With a single pick in the top 128 spots in the NFL draft, Seahawks fans Thursday night felt like the family who shows up in town the day after the circus left. To amuse them, Pete Carroll and John Schneider earlier in the day offered a token high-wire act, hiring former first-round selection DT Robert Nkemdiche, who washed out of the league in 2019.
If Nkemdiche, 26, busts again, as he did with Arizona — no sacks or starts in 17 games over 2016 and 2017, then had 4½ sacks in 10 games in 2018 before a knee injury ended his season — a non-guaranteed single year deal for a backup is a good safety net.

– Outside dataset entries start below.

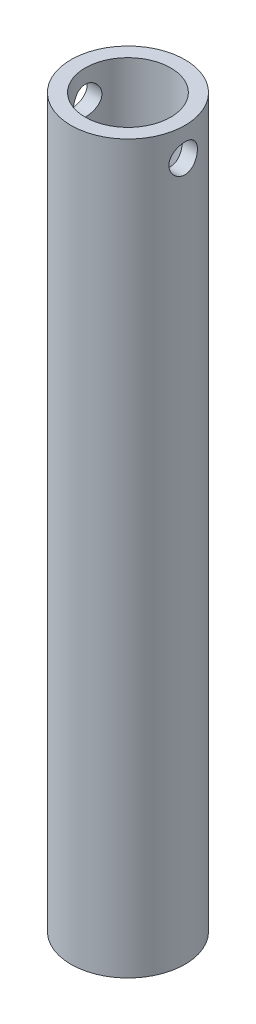
ISO-10303-21;
HEADER;
FILE_DESCRIPTION(('STEP AP214'),'2;1');
FILE_NAME('part.step','',(''),(''),'','','');
FILE_SCHEMA(('AUTOMOTIVE_DESIGN { 1 0 10303 214 1 1 1 1 }'));
ENDSEC;
DATA;
#1=APPLICATION_CONTEXT('core data for automotive mechanical design processes');
#2=APPLICATION_PROTOCOL_DEFINITION('international standard','automotive_design',2000,#1);
#3=PRODUCT_CONTEXT('',#1,'mechanical');
#4=PRODUCT('Part','Part','',(#3));
#5=PRODUCT_RELATED_PRODUCT_CATEGORY('part','',(#4));
#6=PRODUCT_DEFINITION_FORMATION('','',#4);
#7=PRODUCT_DEFINITION_CONTEXT('part definition',#1,'design');
#8=PRODUCT_DEFINITION('design','',#6,#7);
#9=PRODUCT_DEFINITION_SHAPE('','',#8);
#10=(LENGTH_UNIT() NAMED_UNIT(*) SI_UNIT(.MILLI.,.METRE.));
#11=(NAMED_UNIT(*) PLANE_ANGLE_UNIT() SI_UNIT($,.RADIAN.));
#12=(NAMED_UNIT(*) SI_UNIT($,.STERADIAN.) SOLID_ANGLE_UNIT());
#13=UNCERTAINTY_MEASURE_WITH_UNIT(LENGTH_MEASURE(1.E-05),#10,'distance_accuracy_value','');
#14=(GEOMETRIC_REPRESENTATION_CONTEXT(3) GLOBAL_UNCERTAINTY_ASSIGNED_CONTEXT((#13)) GLOBAL_UNIT_ASSIGNED_CONTEXT((#10,
#11,#12)) REPRESENTATION_CONTEXT('',''));
#15=CARTESIAN_POINT('',(0.,0.,0.));
#16=DIRECTION('',(0.,0.,1.));
#17=DIRECTION('',(1.,0.,0.));
#18=AXIS2_PLACEMENT_3D('',#15,#16,#17);
#19=CARTESIAN_POINT('',(0.,161.925,0.));
#20=DIRECTION('',(0.,1.,0.));
#21=DIRECTION('',(0.,0.,1.));
#22=AXIS2_PLACEMENT_3D('',#19,#20,#21);
#23=PLANE('',#22);
#24=CARTESIAN_POINT('',(0.,161.925,0.));
#25=DIRECTION('',(0.,1.,0.));
#26=DIRECTION('',(0.,0.,1.));
#27=AXIS2_PLACEMENT_3D('',#24,#25,#26);
#28=CIRCLE('',#27,12.7);
#29=CARTESIAN_POINT('',(0.,161.925,12.7));
#30=VERTEX_POINT('',#29);
#31=EDGE_CURVE('E10',#30,#30,#28,.T.);
#32=ORIENTED_EDGE('',*,*,#31,.T.);
#33=EDGE_LOOP('',(#32));
#34=FACE_BOUND('',#33,.T.);
#35=CARTESIAN_POINT('',(0.,161.925,0.));
#36=DIRECTION('',(0.,1.,0.));
#37=DIRECTION('',(0.,0.,1.));
#38=AXIS2_PLACEMENT_3D('',#35,#36,#37);
#39=CIRCLE('',#38,9.525);
#40=CARTESIAN_POINT('',(0.,161.925,9.525));
#41=VERTEX_POINT('',#40);
#42=EDGE_CURVE('E49',#41,#41,#39,.T.);
#43=ORIENTED_EDGE('',*,*,#42,.F.);
#44=EDGE_LOOP('',(#43));
#45=FACE_BOUND('',#44,.T.);
#46=ADVANCED_FACE('F31',(#34,#45),#23,.T.);
#47=CARTESIAN_POINT('',(0.,0.,0.));
#48=DIRECTION('',(0.,1.,0.));
#49=DIRECTION('',(0.,0.,1.));
#50=AXIS2_PLACEMENT_3D('',#47,#48,#49);
#51=PLANE('',#50);
#52=CARTESIAN_POINT('',(0.,0.,0.));
#53=DIRECTION('',(0.,1.,0.));
#54=DIRECTION('',(0.,0.,1.));
#55=AXIS2_PLACEMENT_3D('',#52,#53,#54);
#56=CIRCLE('',#55,12.7);
#57=CARTESIAN_POINT('',(0.,0.,12.7));
#58=VERTEX_POINT('',#57);
#59=EDGE_CURVE('E44',#58,#58,#56,.T.);
#60=ORIENTED_EDGE('',*,*,#59,.F.);
#61=EDGE_LOOP('',(#60));
#62=FACE_BOUND('',#61,.T.);
#63=CARTESIAN_POINT('',(0.,0.,0.));
#64=DIRECTION('',(0.,1.,0.));
#65=DIRECTION('',(0.,0.,1.));
#66=AXIS2_PLACEMENT_3D('',#63,#64,#65);
#67=CIRCLE('',#66,9.525);
#68=CARTESIAN_POINT('',(0.,0.,9.525));
#69=VERTEX_POINT('',#68);
#70=EDGE_CURVE('E52',#69,#69,#67,.T.);
#71=ORIENTED_EDGE('',*,*,#70,.T.);
#72=EDGE_LOOP('',(#71));
#73=FACE_BOUND('',#72,.T.);
#74=ADVANCED_FACE('F85',(#62,#73),#51,.F.);
#75=CARTESIAN_POINT('',(0.,161.925,0.));
#76=DIRECTION('',(0.,-1.,0.));
#77=DIRECTION('',(0.,0.,-1.));
#78=AXIS2_PLACEMENT_3D('',#75,#76,#77);
#79=CYLINDRICAL_SURFACE('',#78,12.7);
#80=CARTESIAN_POINT('',(-12.7,152.4,0.));
#81=CARTESIAN_POINT('',(-12.6999970338729,152.400004922812,-0.175421054350931));
#82=CARTESIAN_POINT('',(-12.6963292371237,152.414587115805,-0.350897100741782));
#83=CARTESIAN_POINT('',(-12.6820530760661,152.472443236933,-0.696820051980961));
#84=CARTESIAN_POINT('',(-12.6714407780562,152.515733426855,-0.867264049209733));
#85=CARTESIAN_POINT('',(-12.6444507573613,152.629529753161,-1.19807751278646));
#86=CARTESIAN_POINT('',(-12.6280799601569,152.700003207281,-1.35845880926017));
#87=CARTESIAN_POINT('',(-12.591316443928,152.866050608928,-1.66512267919771));
#88=CARTESIAN_POINT('',(-12.5709235892463,152.961625403118,-1.81140477687155));
#89=CARTESIAN_POINT('',(-12.5278602543575,153.177241671435,-2.08873074612027));
#90=CARTESIAN_POINT('',(-12.5051546346353,153.297702833663,-2.2194428772959));
#91=CARTESIAN_POINT('',(-12.4602582924963,153.558773833724,-2.45903522924702));
#92=CARTESIAN_POINT('',(-12.4380676284689,153.699385943571,-2.56791298487579));
#93=CARTESIAN_POINT('',(-12.3963594189446,153.999343229927,-2.76230618225783));
#94=CARTESIAN_POINT('',(-12.3768864828385,154.158935671878,-2.84745052370821));
#95=CARTESIAN_POINT('',(-12.343330973648,154.490734138014,-2.9895734564324));
#96=CARTESIAN_POINT('',(-12.3292475388652,154.662938140553,-3.04655655068163));
#97=CARTESIAN_POINT('',(-12.3084267567388,155.01142373786,-3.12960773790342));
#98=CARTESIAN_POINT('',(-12.3015478927701,155.187554529947,-3.15627230130284));
#99=CARTESIAN_POINT('',(-12.2954915053947,155.541913471049,-3.17978742389056));
#100=CARTESIAN_POINT('',(-12.2963127290578,155.720141274132,-3.176642833515));
#101=CARTESIAN_POINT('',(-12.3054365167726,156.069063459728,-3.14110481048737));
#102=CARTESIAN_POINT('',(-12.3135572669877,156.239835732102,-3.1094221534035));
#103=CARTESIAN_POINT('',(-12.3360753547043,156.573560891095,-3.01884119561133));
#104=CARTESIAN_POINT('',(-12.3504731393489,156.736513219745,-2.95994095604687));
#105=CARTESIAN_POINT('',(-12.3840899110031,157.051878801067,-2.81599106163371));
#106=CARTESIAN_POINT('',(-12.4033560981111,157.204169063621,-2.73068344564301));
#107=CARTESIAN_POINT('',(-12.4445122129068,157.492527935652,-2.53652078423163));
#108=CARTESIAN_POINT('',(-12.4664025994163,157.628593700076,-2.42766161831203));
#109=CARTESIAN_POINT('',(-12.5111061380944,157.884714319886,-2.18580424890856));
#110=CARTESIAN_POINT('',(-12.533927803951,158.004202003963,-2.05220624645105));
#111=CARTESIAN_POINT('',(-12.5773596047503,158.219184963215,-1.76659522538281));
#112=CARTESIAN_POINT('',(-12.5979696721291,158.314679505525,-1.6145816444818));
#113=CARTESIAN_POINT('',(-12.6347586626604,158.479173740842,-1.29564529770894));
#114=CARTESIAN_POINT('',(-12.6509221227036,158.548081303539,-1.12867311562491));
#115=CARTESIAN_POINT('',(-12.676884242985,158.656691630419,-0.785020883902428));
#116=CARTESIAN_POINT('',(-12.6866841206814,158.696399981085,-0.608342698201852));
#117=CARTESIAN_POINT('',(-12.6986347345774,158.744618513766,-0.255142937325549));
#118=CARTESIAN_POINT('',(-12.7009747992585,158.753901071859,-0.0787330573083703));
#119=CARTESIAN_POINT('',(-12.6982813685726,158.743122945649,0.273119584996531));
#120=CARTESIAN_POINT('',(-12.6932485369526,158.723064902742,0.448562432914398));
#121=CARTESIAN_POINT('',(-12.6764961338622,158.654811577238,0.790816868910241));
#122=CARTESIAN_POINT('',(-12.6648767569325,158.607037658974,0.957717835150525));
#123=CARTESIAN_POINT('',(-12.6362609570897,158.485190005473,1.28112793569116));
#124=CARTESIAN_POINT('',(-12.6192639911647,158.411113614204,1.43763601861911));
#125=CARTESIAN_POINT('',(-12.5813250177716,158.237266860549,1.73889063454314));
#126=CARTESIAN_POINT('',(-12.5603183592593,158.137063895427,1.88337918521904));
#127=CARTESIAN_POINT('',(-12.5167921111412,157.914361359713,2.15376466554501));
#128=CARTESIAN_POINT('',(-12.4942722608556,157.791857941143,2.27965837982672));
#129=CARTESIAN_POINT('',(-12.4495762556412,157.524445849547,2.51246336908675));
#130=CARTESIAN_POINT('',(-12.4274221051899,157.379061028651,2.6188328531313));
#131=CARTESIAN_POINT('',(-12.3865825924258,157.072049257042,2.80566443991221));
#132=CARTESIAN_POINT('',(-12.3678970761538,156.910423027713,2.88612769264177));
#133=CARTESIAN_POINT('',(-12.3363163381503,156.576382887573,3.0182638402854));
#134=CARTESIAN_POINT('',(-12.3233869021911,156.404039853404,3.07010730622842));
#135=CARTESIAN_POINT('',(-12.3047494152553,156.052711266541,3.1439816468797));
#136=CARTESIAN_POINT('',(-12.299039785006,155.873727175344,3.16601904149253));
#137=CARTESIAN_POINT('',(-12.2956087422145,155.51971049948,3.17931501621074));
#138=CARTESIAN_POINT('',(-12.2976625750886,155.344712095613,3.17143955029538));
#139=CARTESIAN_POINT('',(-12.3090074061494,154.998623435624,3.1271152390873));
#140=CARTESIAN_POINT('',(-12.3182982588945,154.827533101033,3.09066696801937));
#141=CARTESIAN_POINT('',(-12.3429450180984,154.495058761656,2.99070462615689));
#142=CARTESIAN_POINT('',(-12.3582644892528,154.333623037245,2.92735297324092));
#143=CARTESIAN_POINT('',(-12.3932474960913,154.023556606586,2.77551073379659));
#144=CARTESIAN_POINT('',(-12.4129116342002,153.874927680087,2.68701666057214));
#145=CARTESIAN_POINT('',(-12.4550092586011,153.590509368613,2.48468673461549));
#146=CARTESIAN_POINT('',(-12.4775016056118,153.455156061253,2.37025002816432));
#147=CARTESIAN_POINT('',(-12.5223699100401,153.205292088516,2.12045416901819));
#148=CARTESIAN_POINT('',(-12.5447458385544,153.090786379594,1.98509005500273));
#149=CARTESIAN_POINT('',(-12.5873437112106,152.883846063538,1.69432305852049));
#150=CARTESIAN_POINT('',(-12.6075193062447,152.791848734395,1.53860166056968));
#151=CARTESIAN_POINT('',(-12.6429542453062,152.635484536776,1.21341315929717));
#152=CARTESIAN_POINT('',(-12.6582171100619,152.571097869961,1.04395600927443));
#153=CARTESIAN_POINT('',(-12.6798505941374,152.481339625802,0.729001702698686));
#154=CARTESIAN_POINT('',(-12.6873547169486,152.450903202204,0.58500469508875));
#155=CARTESIAN_POINT('',(-12.6974304774096,152.410232086,0.29401785141847));
#156=CARTESIAN_POINT('',(-12.7000024860439,152.39999587397,0.147028241296873));
#157=CARTESIAN_POINT('',(-12.7,152.4,0.));
#158=B_SPLINE_CURVE_WITH_KNOTS('',3,(#80,#81,#82,#83,#84,#85,#86,#87,#88,#89,#90,#91,#92,#93,
#94,#95,#96,#97,#98,#99,#100,#101,#102,#103,#104,#105,#106,#107,#108,#109,#110,#111,#112,#113,
#114,#115,#116,#117,#118,#119,#120,#121,#122,#123,#124,#125,#126,#127,#128,#129,#130,#131,#132,
#133,#134,#135,#136,#137,#138,#139,#140,#141,#142,#143,#144,#145,#146,#147,#148,#149,#150,#151,
#152,#153,#154,#155,#156,#157),.UNSPECIFIED.,.T.,.F.,(4,2,2,2,2,2,2,2,2,2,2,2,2,2,2,2,2,2,2,2,2,
2,2,2,2,2,2,2,2,2,2,2,2,2,2,2,2,2,4),(0.,0.525724358065498,1.05174676993359,1.57713870983893,
2.10254837335841,2.63767221675278,3.17285644277796,3.7159913730529,4.25903942808498,
4.79120824630598,5.3232904734557,5.84247618671886,6.36169889010144,6.8861628400674,
7.41071862276906,7.95023177058124,8.48976139571985,9.0311441807632,9.57242335981323,
10.09985087283,10.6272309069567,11.1467958106174,11.6664131950588,12.1952509368702,
12.7241800170733,13.266092111565,13.8079801469349,14.34660272276,14.885107458967,
15.4081433519175,15.9311687337377,16.4510804786766,16.971064359066,17.5046127008448,
18.0382877269755,18.5816279265762,19.1245778677202,19.5652441424438,20.005877269746),.UNSPECIFIED.);
#159=CARTESIAN_POINT('',(-12.7,152.4,0.));
#160=VERTEX_POINT('',#159);
#161=EDGE_CURVE('E75',#160,#160,#158,.T.);
#162=ORIENTED_EDGE('',*,*,#161,.T.);
#163=EDGE_LOOP('',(#162));
#164=FACE_BOUND('',#163,.T.);
#165=CARTESIAN_POINT('',(12.2967221242086,155.575,-3.175));
#166=CARTESIAN_POINT('',(12.2967254711158,155.399675546323,-3.1749950198132));
#167=CARTESIAN_POINT('',(12.3005126863854,155.224295978678,-3.16042833178201));
#168=CARTESIAN_POINT('',(12.3152136473056,154.87857317572,-3.10263936933901));
#169=CARTESIAN_POINT('',(12.3261315404947,154.708232931825,-3.05940041756247));
#170=CARTESIAN_POINT('',(12.3537818023711,154.377639506502,-2.94575382353269));
#171=CARTESIAN_POINT('',(12.3705066621688,154.21737361266,-2.8753812543752));
#172=CARTESIAN_POINT('',(12.4078770387652,153.910905217274,-2.70957184940195));
#173=CARTESIAN_POINT('',(12.4285227220068,153.764703313158,-2.61413394947206));
#174=CARTESIAN_POINT('',(12.4719170977164,153.487295710517,-2.39865970268607));
#175=CARTESIAN_POINT('',(12.4946993898125,153.356445127555,-2.27817284738413));
#176=CARTESIAN_POINT('',(12.5395085190442,153.116583029162,-2.01699122140783));
#177=CARTESIAN_POINT('',(12.5615352853931,153.00757355546,-1.87629456360899));
#178=CARTESIAN_POINT('',(12.6027232771114,152.813035156108,-1.57625440537027));
#179=CARTESIAN_POINT('',(12.6218402299875,152.727855087035,-1.4166781117678));
#180=CARTESIAN_POINT('',(12.65467131146,152.585661751926,-1.08491424405179));
#181=CARTESIAN_POINT('',(12.6683862371462,152.528644330067,-0.912728534955745));
#182=CARTESIAN_POINT('',(12.6886304373719,152.445532250085,-0.564335623617766));
#183=CARTESIAN_POINT('',(12.6952996518228,152.418834551705,-0.388280553827183));
#184=CARTESIAN_POINT('',(12.7011886451627,152.39522685832,-0.0340726004637068));
#185=CARTESIAN_POINT('',(12.7004095254281,152.398312459294,0.144079969063354));
#186=CARTESIAN_POINT('',(12.6915938059099,152.433750059818,0.493243384772338));
#187=CARTESIAN_POINT('',(12.6837186297291,152.465451132818,0.664324984533399));
#188=CARTESIAN_POINT('',(12.6617836238657,152.556173512962,0.998658935538464));
#189=CARTESIAN_POINT('',(12.6477234649603,152.615196274429,1.16191086950115));
#190=CARTESIAN_POINT('',(12.6147513732012,152.759413264773,1.47766628361824));
#191=CARTESIAN_POINT('',(12.5957967501266,152.84483914672,1.63005931850867));
#192=CARTESIAN_POINT('',(12.5550917783831,153.039261712478,1.91857510093107));
#193=CARTESIAN_POINT('',(12.5333409435886,153.148262497072,2.05469501139649));
#194=CARTESIAN_POINT('',(12.4887191648708,153.390230102318,2.31068256139474));
#195=CARTESIAN_POINT('',(12.4658338379713,153.523765713282,2.43001063106375));
#196=CARTESIAN_POINT('',(12.4220610526701,153.809191966396,2.6446999936826));
#197=CARTESIAN_POINT('',(12.4011736876753,153.961083465954,2.74006016644614));
#198=CARTESIAN_POINT('',(12.3637103097323,154.279968343369,2.90445230964672));
#199=CARTESIAN_POINT('',(12.347155693206,154.447031377497,2.97335437513118));
#200=CARTESIAN_POINT('',(12.3205067298881,154.790883544458,3.08192684552051));
#201=CARTESIAN_POINT('',(12.3104110007027,154.96767058726,3.12160350580598));
#202=CARTESIAN_POINT('',(12.2981130212947,155.320948566943,3.16970364110572));
#203=CARTESIAN_POINT('',(12.2957093300071,155.497323997543,3.17892490187728));
#204=CARTESIAN_POINT('',(12.2985192607316,155.849093859463,3.16803657795425));
#205=CARTESIAN_POINT('',(12.3037321815428,156.024488379596,3.14792969326924));
#206=CARTESIAN_POINT('',(12.3209949412092,156.366355116485,3.07965533920158));
#207=CARTESIAN_POINT('',(12.3329315220802,156.532926362743,3.03195236671801));
#208=CARTESIAN_POINT('',(12.3621891219376,156.855707951474,2.91035496372148));
#209=CARTESIAN_POINT('',(12.3795107787294,157.011917064001,2.83645743059487));
#210=CARTESIAN_POINT('',(12.418010941113,157.312920422891,2.66289874827947));
#211=CARTESIAN_POINT('',(12.439258441312,157.457430626855,2.56276062737125));
#212=CARTESIAN_POINT('',(12.4830469550031,157.727889220758,2.34016643006687));
#213=CARTESIAN_POINT('',(12.5055881806495,157.853834554146,2.21770668600725));
#214=CARTESIAN_POINT('',(12.5501070185035,158.086820024065,1.95028413912649));
#215=CARTESIAN_POINT('',(12.5720564161859,158.193308279437,1.80483494928779));
#216=CARTESIAN_POINT('',(12.6123346509939,158.380348551028,1.49765601755557));
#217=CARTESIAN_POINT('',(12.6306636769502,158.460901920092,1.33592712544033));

But if that signing doesn’t turn your football crank, well, 2021 wasn’t the Seahawks’ draft year anyway.
More than a year ago, they saw college scouting trouble coming with the pandemic, and decided to have ’21 in 2020 by trading their first-rounder to the New York Jets for SS Jamal Adams.
“That’s a heck of a pick,” Carroll said Wednesday. “He had a really good year leading into getting drafted by us No. 1, and it would cost us another No. 1 to get that done, for that incredible football player we saw last year.”
When healthy, Adams was as advertised. Given the dubious history with top picks in the Carroll/Schneider regime, they were wise to have kept six feet of social distance from No. 1s well before it became trendy.
Making easier the controversial decision to give up two firsts and a third for a mere safety was the belief that the havoc caused by COVID-19 would make the 2021 crap shoot even crappier.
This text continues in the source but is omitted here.